TRY IT ▸ Up through the line that contains "#7=PRODUCT_DEFINITION_CONTEXT('part definition',#1,'design');", retype the entries exactly, beginning at the very first line.

(Collected data)
"""

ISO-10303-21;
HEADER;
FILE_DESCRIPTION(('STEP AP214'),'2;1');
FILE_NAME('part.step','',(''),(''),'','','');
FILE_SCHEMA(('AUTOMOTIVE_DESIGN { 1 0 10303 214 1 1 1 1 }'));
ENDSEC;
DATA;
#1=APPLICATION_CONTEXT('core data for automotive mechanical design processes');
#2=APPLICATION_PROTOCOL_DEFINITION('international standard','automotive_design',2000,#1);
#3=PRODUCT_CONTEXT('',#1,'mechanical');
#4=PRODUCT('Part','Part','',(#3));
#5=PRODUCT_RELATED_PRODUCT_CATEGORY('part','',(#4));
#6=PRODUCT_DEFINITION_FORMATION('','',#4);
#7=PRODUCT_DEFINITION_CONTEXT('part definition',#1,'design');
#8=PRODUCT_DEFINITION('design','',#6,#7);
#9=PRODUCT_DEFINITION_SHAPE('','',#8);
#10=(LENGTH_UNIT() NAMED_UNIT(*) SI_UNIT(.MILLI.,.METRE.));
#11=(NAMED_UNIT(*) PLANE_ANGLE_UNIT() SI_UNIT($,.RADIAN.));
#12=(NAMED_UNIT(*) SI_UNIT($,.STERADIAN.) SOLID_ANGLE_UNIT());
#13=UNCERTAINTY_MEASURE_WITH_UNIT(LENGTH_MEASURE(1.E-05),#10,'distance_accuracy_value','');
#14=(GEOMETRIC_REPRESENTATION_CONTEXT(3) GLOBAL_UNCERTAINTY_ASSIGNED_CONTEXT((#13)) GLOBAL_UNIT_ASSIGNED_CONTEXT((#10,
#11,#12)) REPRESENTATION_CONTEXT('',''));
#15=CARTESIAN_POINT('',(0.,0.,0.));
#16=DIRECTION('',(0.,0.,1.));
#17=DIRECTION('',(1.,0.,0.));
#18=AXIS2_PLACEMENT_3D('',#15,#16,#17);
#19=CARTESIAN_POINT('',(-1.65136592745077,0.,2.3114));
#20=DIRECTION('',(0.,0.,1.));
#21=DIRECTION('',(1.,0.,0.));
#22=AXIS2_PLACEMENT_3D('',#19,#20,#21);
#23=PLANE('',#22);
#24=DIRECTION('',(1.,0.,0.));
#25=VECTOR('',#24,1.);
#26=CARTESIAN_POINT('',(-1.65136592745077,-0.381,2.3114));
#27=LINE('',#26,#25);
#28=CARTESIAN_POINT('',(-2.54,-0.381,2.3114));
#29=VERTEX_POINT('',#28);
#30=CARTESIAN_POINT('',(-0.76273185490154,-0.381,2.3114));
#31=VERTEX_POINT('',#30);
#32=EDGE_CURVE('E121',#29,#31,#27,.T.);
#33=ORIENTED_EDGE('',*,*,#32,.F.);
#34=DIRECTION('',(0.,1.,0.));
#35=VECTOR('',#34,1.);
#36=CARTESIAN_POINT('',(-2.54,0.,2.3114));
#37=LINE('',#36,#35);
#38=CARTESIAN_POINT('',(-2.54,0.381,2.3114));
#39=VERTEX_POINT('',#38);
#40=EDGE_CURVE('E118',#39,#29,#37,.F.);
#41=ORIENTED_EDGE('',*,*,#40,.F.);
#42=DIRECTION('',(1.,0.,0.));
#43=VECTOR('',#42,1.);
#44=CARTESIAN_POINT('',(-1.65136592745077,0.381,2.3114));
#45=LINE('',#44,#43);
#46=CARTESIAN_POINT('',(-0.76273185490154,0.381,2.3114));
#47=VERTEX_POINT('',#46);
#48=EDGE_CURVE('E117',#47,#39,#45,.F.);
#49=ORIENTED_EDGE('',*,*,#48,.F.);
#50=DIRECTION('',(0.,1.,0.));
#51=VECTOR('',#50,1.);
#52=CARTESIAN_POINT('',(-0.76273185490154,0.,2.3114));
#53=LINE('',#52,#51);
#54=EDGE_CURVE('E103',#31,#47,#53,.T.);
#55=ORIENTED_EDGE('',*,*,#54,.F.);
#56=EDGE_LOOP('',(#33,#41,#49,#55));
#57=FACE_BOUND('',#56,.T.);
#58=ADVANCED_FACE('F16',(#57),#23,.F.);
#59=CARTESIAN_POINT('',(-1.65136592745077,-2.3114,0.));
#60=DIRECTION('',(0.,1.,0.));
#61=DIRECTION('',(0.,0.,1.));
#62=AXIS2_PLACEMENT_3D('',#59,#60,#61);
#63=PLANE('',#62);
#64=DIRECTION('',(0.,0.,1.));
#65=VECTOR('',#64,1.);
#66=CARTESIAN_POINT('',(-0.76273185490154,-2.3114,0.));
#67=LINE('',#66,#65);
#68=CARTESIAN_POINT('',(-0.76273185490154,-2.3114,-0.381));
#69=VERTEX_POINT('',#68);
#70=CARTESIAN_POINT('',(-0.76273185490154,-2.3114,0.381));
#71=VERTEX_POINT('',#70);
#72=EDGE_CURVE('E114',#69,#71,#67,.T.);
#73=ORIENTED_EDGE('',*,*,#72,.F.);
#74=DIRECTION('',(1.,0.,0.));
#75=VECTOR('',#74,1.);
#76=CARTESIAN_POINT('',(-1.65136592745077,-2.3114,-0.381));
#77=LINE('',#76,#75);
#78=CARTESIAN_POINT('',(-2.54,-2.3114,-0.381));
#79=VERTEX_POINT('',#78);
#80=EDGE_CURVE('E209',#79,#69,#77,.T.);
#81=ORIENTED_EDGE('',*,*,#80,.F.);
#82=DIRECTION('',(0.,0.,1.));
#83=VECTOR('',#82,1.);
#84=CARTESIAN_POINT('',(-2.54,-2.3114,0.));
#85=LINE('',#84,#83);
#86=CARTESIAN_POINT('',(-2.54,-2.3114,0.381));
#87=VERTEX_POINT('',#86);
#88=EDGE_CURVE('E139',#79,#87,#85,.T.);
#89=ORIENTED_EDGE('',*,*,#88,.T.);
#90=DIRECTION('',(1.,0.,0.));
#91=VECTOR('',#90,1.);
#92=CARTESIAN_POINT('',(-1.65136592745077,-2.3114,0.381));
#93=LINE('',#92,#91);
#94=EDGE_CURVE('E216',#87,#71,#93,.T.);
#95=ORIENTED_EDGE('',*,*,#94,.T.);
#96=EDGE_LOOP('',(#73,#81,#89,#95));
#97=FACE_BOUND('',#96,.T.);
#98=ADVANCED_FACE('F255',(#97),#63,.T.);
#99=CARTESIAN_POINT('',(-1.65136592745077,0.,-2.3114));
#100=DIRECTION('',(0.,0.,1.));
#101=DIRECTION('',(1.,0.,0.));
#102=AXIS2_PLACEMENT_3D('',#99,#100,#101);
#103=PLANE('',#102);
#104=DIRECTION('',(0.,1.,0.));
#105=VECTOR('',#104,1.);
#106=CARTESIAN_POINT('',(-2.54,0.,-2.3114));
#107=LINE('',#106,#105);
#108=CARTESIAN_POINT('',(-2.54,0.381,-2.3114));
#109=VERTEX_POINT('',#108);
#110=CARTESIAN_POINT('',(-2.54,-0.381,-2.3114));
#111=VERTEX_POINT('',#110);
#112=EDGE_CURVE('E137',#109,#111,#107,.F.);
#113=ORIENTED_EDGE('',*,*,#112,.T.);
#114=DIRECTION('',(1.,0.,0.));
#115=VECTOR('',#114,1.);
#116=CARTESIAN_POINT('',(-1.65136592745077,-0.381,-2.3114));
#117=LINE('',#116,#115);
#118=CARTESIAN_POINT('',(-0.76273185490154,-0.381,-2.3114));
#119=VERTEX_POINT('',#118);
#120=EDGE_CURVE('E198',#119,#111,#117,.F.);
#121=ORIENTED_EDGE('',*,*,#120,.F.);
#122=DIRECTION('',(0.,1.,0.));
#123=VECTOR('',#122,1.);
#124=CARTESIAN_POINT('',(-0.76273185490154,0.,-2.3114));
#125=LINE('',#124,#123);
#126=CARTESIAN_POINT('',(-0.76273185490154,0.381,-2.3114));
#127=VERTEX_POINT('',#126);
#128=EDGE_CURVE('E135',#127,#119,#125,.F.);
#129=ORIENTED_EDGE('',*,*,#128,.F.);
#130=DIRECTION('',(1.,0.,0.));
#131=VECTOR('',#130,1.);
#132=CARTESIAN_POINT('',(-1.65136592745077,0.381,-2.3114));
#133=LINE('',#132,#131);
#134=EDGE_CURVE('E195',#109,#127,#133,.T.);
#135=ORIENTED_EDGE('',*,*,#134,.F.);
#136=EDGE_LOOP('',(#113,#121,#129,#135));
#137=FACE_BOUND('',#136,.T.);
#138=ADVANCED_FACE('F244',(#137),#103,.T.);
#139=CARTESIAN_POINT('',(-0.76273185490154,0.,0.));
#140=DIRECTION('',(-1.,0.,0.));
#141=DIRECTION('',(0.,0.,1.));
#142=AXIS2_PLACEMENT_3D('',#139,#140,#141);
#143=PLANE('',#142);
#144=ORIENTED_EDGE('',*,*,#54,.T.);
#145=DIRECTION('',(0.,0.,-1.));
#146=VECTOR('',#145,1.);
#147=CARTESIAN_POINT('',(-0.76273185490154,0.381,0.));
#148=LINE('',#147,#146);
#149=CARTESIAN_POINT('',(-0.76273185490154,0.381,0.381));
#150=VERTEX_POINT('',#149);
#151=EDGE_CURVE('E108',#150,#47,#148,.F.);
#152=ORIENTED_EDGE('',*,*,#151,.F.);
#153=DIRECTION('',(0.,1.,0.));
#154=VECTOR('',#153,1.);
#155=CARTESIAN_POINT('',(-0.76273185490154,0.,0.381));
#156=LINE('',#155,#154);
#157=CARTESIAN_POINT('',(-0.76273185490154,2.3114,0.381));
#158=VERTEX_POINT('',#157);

"""

SOLUTION TO THE PROBLEM ▸
ISO-10303-21;
HEADER;
FILE_DESCRIPTION(('STEP AP214'),'2;1');
FILE_NAME('part.step','',(''),(''),'','','');
FILE_SCHEMA(('AUTOMOTIVE_DESIGN { 1 0 10303 214 1 1 1 1 }'));
ENDSEC;
DATA;
#1=APPLICATION_CONTEXT('core data for automotive mechanical design processes');
#2=APPLICATION_PROTOCOL_DEFINITION('international standard','automotive_design',2000,#1);
#3=PRODUCT_CONTEXT('',#1,'mechanical');
#4=PRODUCT('Part','Part','',(#3));
#5=PRODUCT_RELATED_PRODUCT_CATEGORY('part','',(#4));
#6=PRODUCT_DEFINITION_FORMATION('','',#4);
#7=PRODUCT_DEFINITION_CONTEXT('part definition',#1,'design');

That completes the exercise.